Canavese, le varietà di Erbaluce

Si tratta di una varietà versatile, che può essere vinificata in tre tipologie diverse: Erbaluce di Caluso Docg bianco fermo, Erbaluce di Caluso Docg Metodo Classico e Erbaluce di Caluso Docg Passito. Secondo la leggenda sembra che il suo nome derivi dalla ninfa Albaluce, figlia del Sole e dell'Aurora. Nel 1606 il gioielliere di Casa Savoia Giovanni Battista Croce descrive nella sua opera “Eccellenza e diversità dei vini le caratteristiche della varietà”, “l'uva bianca così detta, come alba luce, perché biancheggiando risplende... matura diviene rossa e colorita”. L'Erbaluce viene inoltre coltivato principalmente con il sistema della pergola (localmente chiamata topia), ma anche con sistemi a controspalliera con potature a guyot. I grappoli, normalmente alati e di media grandezza, sono generalmente spargoli con acini dalla buccia spessa, che assumono a piena maturazione un bel colore ramato quasi fossero arrostiti dal sole, tanto che in zona la varietà è chiamata anche Uva Rustia.

Interessante capire il suolo su cui questa varietà trova la sua linfa vitale, con le sue diverse matrici rocciose. Importante anche il microclima che è mite, protetto dalle colline ed equilibrato dalla presenza di numerosi laghi.
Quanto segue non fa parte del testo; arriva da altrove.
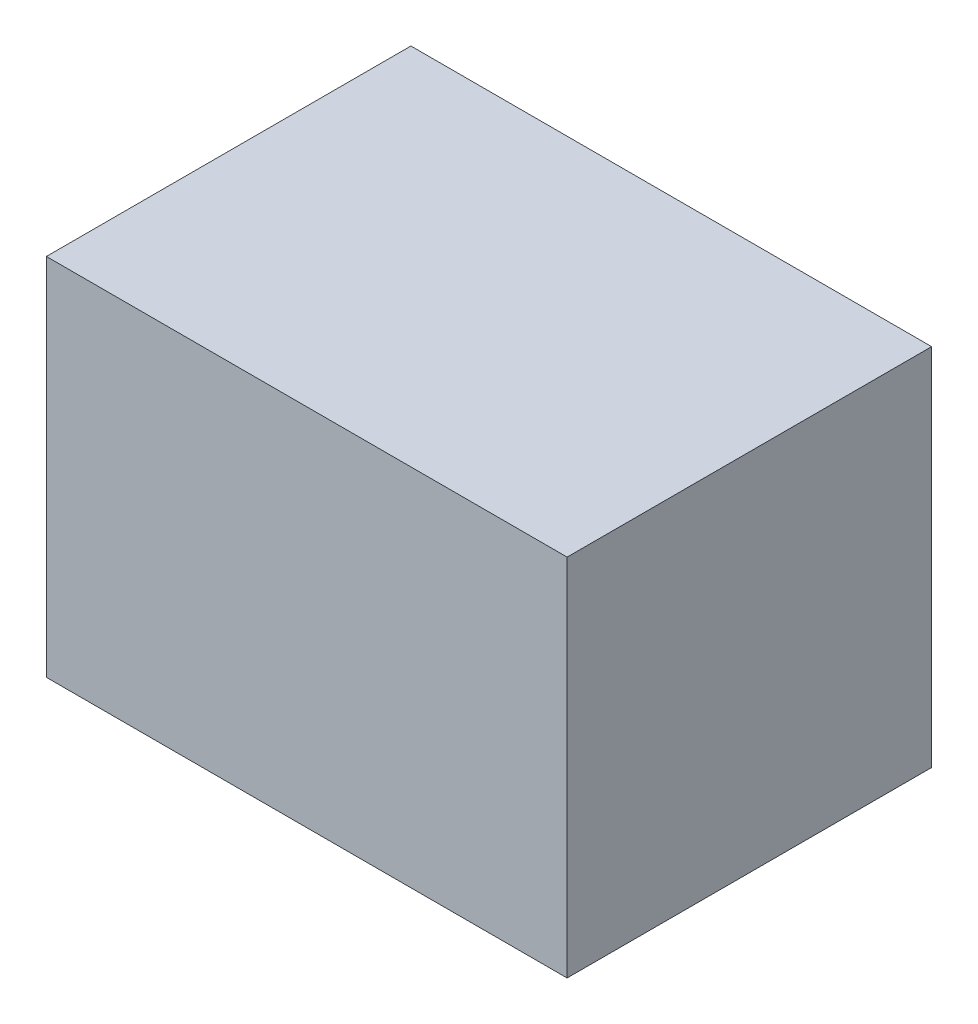
ISO-10303-21;
HEADER;
FILE_DESCRIPTION(('STEP AP214'),'2;1');
FILE_NAME('part.step','',(''),(''),'','','');
FILE_SCHEMA(('AUTOMOTIVE_DESIGN { 1 0 10303 214 1 1 1 1 }'));
ENDSEC;
DATA;
#1=APPLICATION_CONTEXT('core data for automotive mechanical design processes');
#2=APPLICATION_PROTOCOL_DEFINITION('international standard','automotive_design',2000,#1);
#3=PRODUCT_CONTEXT('',#1,'mechanical');
#4=PRODUCT('Part','Part','',(#3));
#5=PRODUCT_RELATED_PRODUCT_CATEGORY('part','',(#4));
#6=PRODUCT_DEFINITION_FORMATION('','',#4);
#7=PRODUCT_DEFINITION_CONTEXT('part definition',#1,'design');
#8=PRODUCT_DEFINITION('design','',#6,#7);
#9=PRODUCT_DEFINITION_SHAPE('','',#8);
#10=(LENGTH_UNIT() NAMED_UNIT(*) SI_UNIT(.MILLI.,.METRE.));
#11=(NAMED_UNIT(*) PLANE_ANGLE_UNIT() SI_UNIT($,.RADIAN.));
#12=(NAMED_UNIT(*) SI_UNIT($,.STERADIAN.) SOLID_ANGLE_UNIT());
#13=UNCERTAINTY_MEASURE_WITH_UNIT(LENGTH_MEASURE(1.E-05),#10,'distance_accuracy_value','');
#14=(GEOMETRIC_REPRESENTATION_CONTEXT(3) GLOBAL_UNCERTAINTY_ASSIGNED_CONTEXT((#13)) GLOBAL_UNIT_ASSIGNED_CONTEXT((#10,
#11,#12)) REPRESENTATION_CONTEXT('',''));
#15=CARTESIAN_POINT('',(0.,0.,0.));
#16=DIRECTION('',(0.,0.,1.));
#17=DIRECTION('',(1.,0.,0.));
#18=AXIS2_PLACEMENT_3D('',#15,#16,#17);
#19=CARTESIAN_POINT('',(-25.4,0.,0.));
#20=DIRECTION('',(0.,1.,0.));
#21=DIRECTION('',(1.,0.,0.));
#22=AXIS2_PLACEMENT_3D('',#19,#20,#21);
#23=PLANE('',#22);
#24=DIRECTION('',(0.,0.,1.));
#25=VECTOR('',#24,1.);
#26=CARTESIAN_POINT('',(-10.41,0.,0.749999999999982));
#27=LINE('',#26,#25);
#28=CARTESIAN_POINT('',(-10.41,0.,0.749999999999982));
#29=VERTEX_POINT('',#28);
#30=CARTESIAN_POINT('',(-10.41,0.,1.1));
#31=VERTEX_POINT('',#30);
#32=EDGE_CURVE('E83',#29,#31,#27,.T.);
#33=ORIENTED_EDGE('',*,*,#32,.T.);
#34=DIRECTION('',(1.,0.,0.));
#35=VECTOR('',#34,1.);
#36=CARTESIAN_POINT('',(-10.41,0.,1.1));
#37=LINE('',#36,#35);
#38=CARTESIAN_POINT('',(-9.91,0.,1.1));
#39=VERTEX_POINT('',#38);
#40=EDGE_CURVE('E28',#31,#39,#37,.T.);
#41=ORIENTED_EDGE('',*,*,#40,.T.);
#42=DIRECTION('',(0.,0.,1.));
#43=VECTOR('',#42,1.);
#44=CARTESIAN_POINT('',(-9.91,0.,0.749999999999982));
#45=LINE('',#44,#43);
#46=CARTESIAN_POINT('',(-9.91,0.,0.749999999999982));
#47=VERTEX_POINT('',#46);
#48=EDGE_CURVE('E101',#47,#39,#45,.T.);
#49=ORIENTED_EDGE('',*,*,#48,.F.);
#50=DIRECTION('',(1.,0.,0.));
#51=VECTOR('',#50,1.);
#52=CARTESIAN_POINT('',(-10.41,0.,0.749999999999982));
#53=LINE('',#52,#51);
#54=EDGE_CURVE('E87',#29,#47,#53,.T.);
#55=ORIENTED_EDGE('',*,*,#54,.F.);
#56=EDGE_LOOP('',(#33,#41,#49,#55));
#57=FACE_BOUND('',#56,.T.);
#58=ADVANCED_FACE('F17',(#57),#23,.T.);
#59=CARTESIAN_POINT('',(-25.4,-0.35,0.));
#60=DIRECTION('',(0.,1.,0.));
#61=DIRECTION('',(1.,0.,0.));
#62=AXIS2_PLACEMENT_3D('',#59,#60,#61);
#63=PLANE('',#62);
#64=DIRECTION('',(0.,0.,1.));
#65=VECTOR('',#64,1.);
#66=CARTESIAN_POINT('',(-10.41,-0.35,0.749999999999982));
#67=LINE('',#66,#65);
#68=CARTESIAN_POINT('',(-10.41,-0.35,0.749999999999982));
#69=VERTEX_POINT('',#68);
#70=CARTESIAN_POINT('',(-10.41,-0.35,1.1));
#71=VERTEX_POINT('',#70);
#72=EDGE_CURVE('E85',#69,#71,#67,.T.);
#73=ORIENTED_EDGE('',*,*,#72,.F.);
#74=DIRECTION('',(1.,0.,0.));
#75=VECTOR('',#74,1.);
#76=CARTESIAN_POINT('',(-10.41,-0.35,0.749999999999982));
#77=LINE('',#76,#75);
#78=CARTESIAN_POINT('',(-9.91,-0.35,0.749999999999982));
#79=VERTEX_POINT('',#78);
#80=EDGE_CURVE('E103',#69,#79,#77,.T.);
#81=ORIENTED_EDGE('',*,*,#80,.T.);
#82=DIRECTION('',(0.,0.,1.));
#83=VECTOR('',#82,1.);
#84=CARTESIAN_POINT('',(-9.91,-0.35,0.749999999999982));
#85=LINE('',#84,#83);
#86=CARTESIAN_POINT('',(-9.91,-0.35,1.1));
#87=VERTEX_POINT('',#86);
#88=EDGE_CURVE('E77',#79,#87,#85,.T.);
#89=ORIENTED_EDGE('',*,*,#88,.T.);
#90=DIRECTION('',(1.,0.,0.));
#91=VECTOR('',#90,1.);
#92=CARTESIAN_POINT('',(-10.41,-0.35,1.1));
#93=LINE('',#92,#91);
#94=EDGE_CURVE('E11',#71,#87,#93,.T.);
#95=ORIENTED_EDGE('',*,*,#94,.F.);
#96=EDGE_LOOP('',(#73,#81,#89,#95));
#97=FACE_BOUND('',#96,.T.);
#98=ADVANCED_FACE('F124',(#97),#63,.F.);
#99=CARTESIAN_POINT('',(-10.41,-0.35,1.1));
#100=DIRECTION('',(0.,0.,1.));
#101=DIRECTION('',(1.,0.,0.));
#102=AXIS2_PLACEMENT_3D('',#99,#100,#101);
#103=PLANE('',#102);
#104=ORIENTED_EDGE('',*,*,#40,.F.);
#105=DIRECTION('',(0.,1.,0.));
#106=VECTOR('',#105,1.);
#107=CARTESIAN_POINT('',(-10.41,-0.35,1.1));
#108=LINE('',#107,#106);
#109=EDGE_CURVE('E68',#71,#31,#108,.T.);
#110=ORIENTED_EDGE('',*,*,#109,.F.);
#111=ORIENTED_EDGE('',*,*,#94,.T.);
#112=DIRECTION('',(0.,1.,0.));
#113=VECTOR('',#112,1.);
#114=CARTESIAN_POINT('',(-9.91,-0.35,1.1));
#115=LINE('',#114,#113);
#116=EDGE_CURVE('E71',#87,#39,#115,.T.);
#117=ORIENTED_EDGE('',*,*,#116,.T.);
#118=EDGE_LOOP('',(#104,#110,#111,#117));
#119=FACE_BOUND('',#118,.T.);
#120=ADVANCED_FACE('F67',(#119),#103,.T.);
#121=CARTESIAN_POINT('',(-9.91,-0.35,0.749999999999982));
#122=DIRECTION('',(-1.,0.,0.));
#123=DIRECTION('',(0.,0.,1.));
#124=AXIS2_PLACEMENT_3D('',#121,#122,#123);
#125=PLANE('',#124);
#126=ORIENTED_EDGE('',*,*,#48,.T.);
#127=ORIENTED_EDGE('',*,*,#116,.F.);
#128=ORIENTED_EDGE('',*,*,#88,.F.);
#129=DIRECTION('',(0.,1.,0.));
#130=VECTOR('',#129,1.);
#131=CARTESIAN_POINT('',(-9.91,-0.35,0.749999999999982));
#132=LINE('',#131,#130);
#133=EDGE_CURVE('E108',#79,#47,#132,.T.);
#134=ORIENTED_EDGE('',*,*,#133,.T.);
#135=EDGE_LOOP('',(#126,#127,#128,#134));
#136=FACE_BOUND('',#135,.T.);
#137=ADVANCED_FACE('F122',(#136),#125,.F.);
#138=CARTESIAN_POINT('',(-10.41,-0.35,0.749999999999982));
#139=DIRECTION('',(0.,0.,1.));
#140=DIRECTION('',(1.,0.,0.));
#141=AXIS2_PLACEMENT_3D('',#138,#139,#140);
#142=PLANE('',#141);
#143=ORIENTED_EDGE('',*,*,#54,.T.);
#144=ORIENTED_EDGE('',*,*,#133,.F.);
#145=ORIENTED_EDGE('',*,*,#80,.F.);
#146=DIRECTION('',(0.,1.,0.));
#147=VECTOR('',#146,1.);
#148=CARTESIAN_POINT('',(-10.41,-0.35,0.749999999999982));
#149=LINE('',#148,#147);
#150=EDGE_CURVE('E21',#69,#29,#149,.T.);
#151=ORIENTED_EDGE('',*,*,#150,.T.);
#152=EDGE_LOOP('',(#143,#144,#145,#151));
#153=FACE_BOUND('',#152,.T.);
#154=ADVANCED_FACE('F19',(#153),#142,.F.);
#155=CARTESIAN_POINT('',(-10.41,-0.35,0.749999999999982));
#156=DIRECTION('',(-1.,0.,0.));
#157=DIRECTION('',(0.,0.,1.));
#158=AXIS2_PLACEMENT_3D('',#155,#156,#157);
#159=PLANE('',#158);
#160=ORIENTED_EDGE('',*,*,#32,.F.);
#161=ORIENTED_EDGE('',*,*,#150,.F.);
#162=ORIENTED_EDGE('',*,*,#72,.T.);
#163=ORIENTED_EDGE('',*,*,#109,.T.);
#164=EDGE_LOOP('',(#160,#161,#162,#163));
#165=FACE_BOUND('',#164,.T.);
#166=ADVANCED_FACE('F81',(#165),#159,.T.);
#167=CLOSED_SHELL('',(#58,#98,#120,#137,#154,#166));
#168=MANIFOLD_SOLID_BREP('B1',#167);
#169=ADVANCED_BREP_SHAPE_REPRESENTATION('',(#18,#168),#14);
#170=SHAPE_DEFINITION_REPRESENTATION(#9,#169);
ENDSEC;
END-ISO-10303-21;

Proprio sulle colline cresce una vegetazione tipica mediterranea che comprende ulivi, fichi d'india e agave. Il territorio beneficia di una costante ventilazione generata dalle vicine Alpi valdostane e da un'ottima escursione termica tra il giorno e la notte. Gli inverni sono freddi, abbastanza umidi e poco piovosi, mentre le estati sono calde e soleggiate fino a settembre. Le precipitazioni medie sono pari a 900 mm all'anno, distribuiti in 75 giorni di media, e si concentrano soprattutto in primavera e in estate.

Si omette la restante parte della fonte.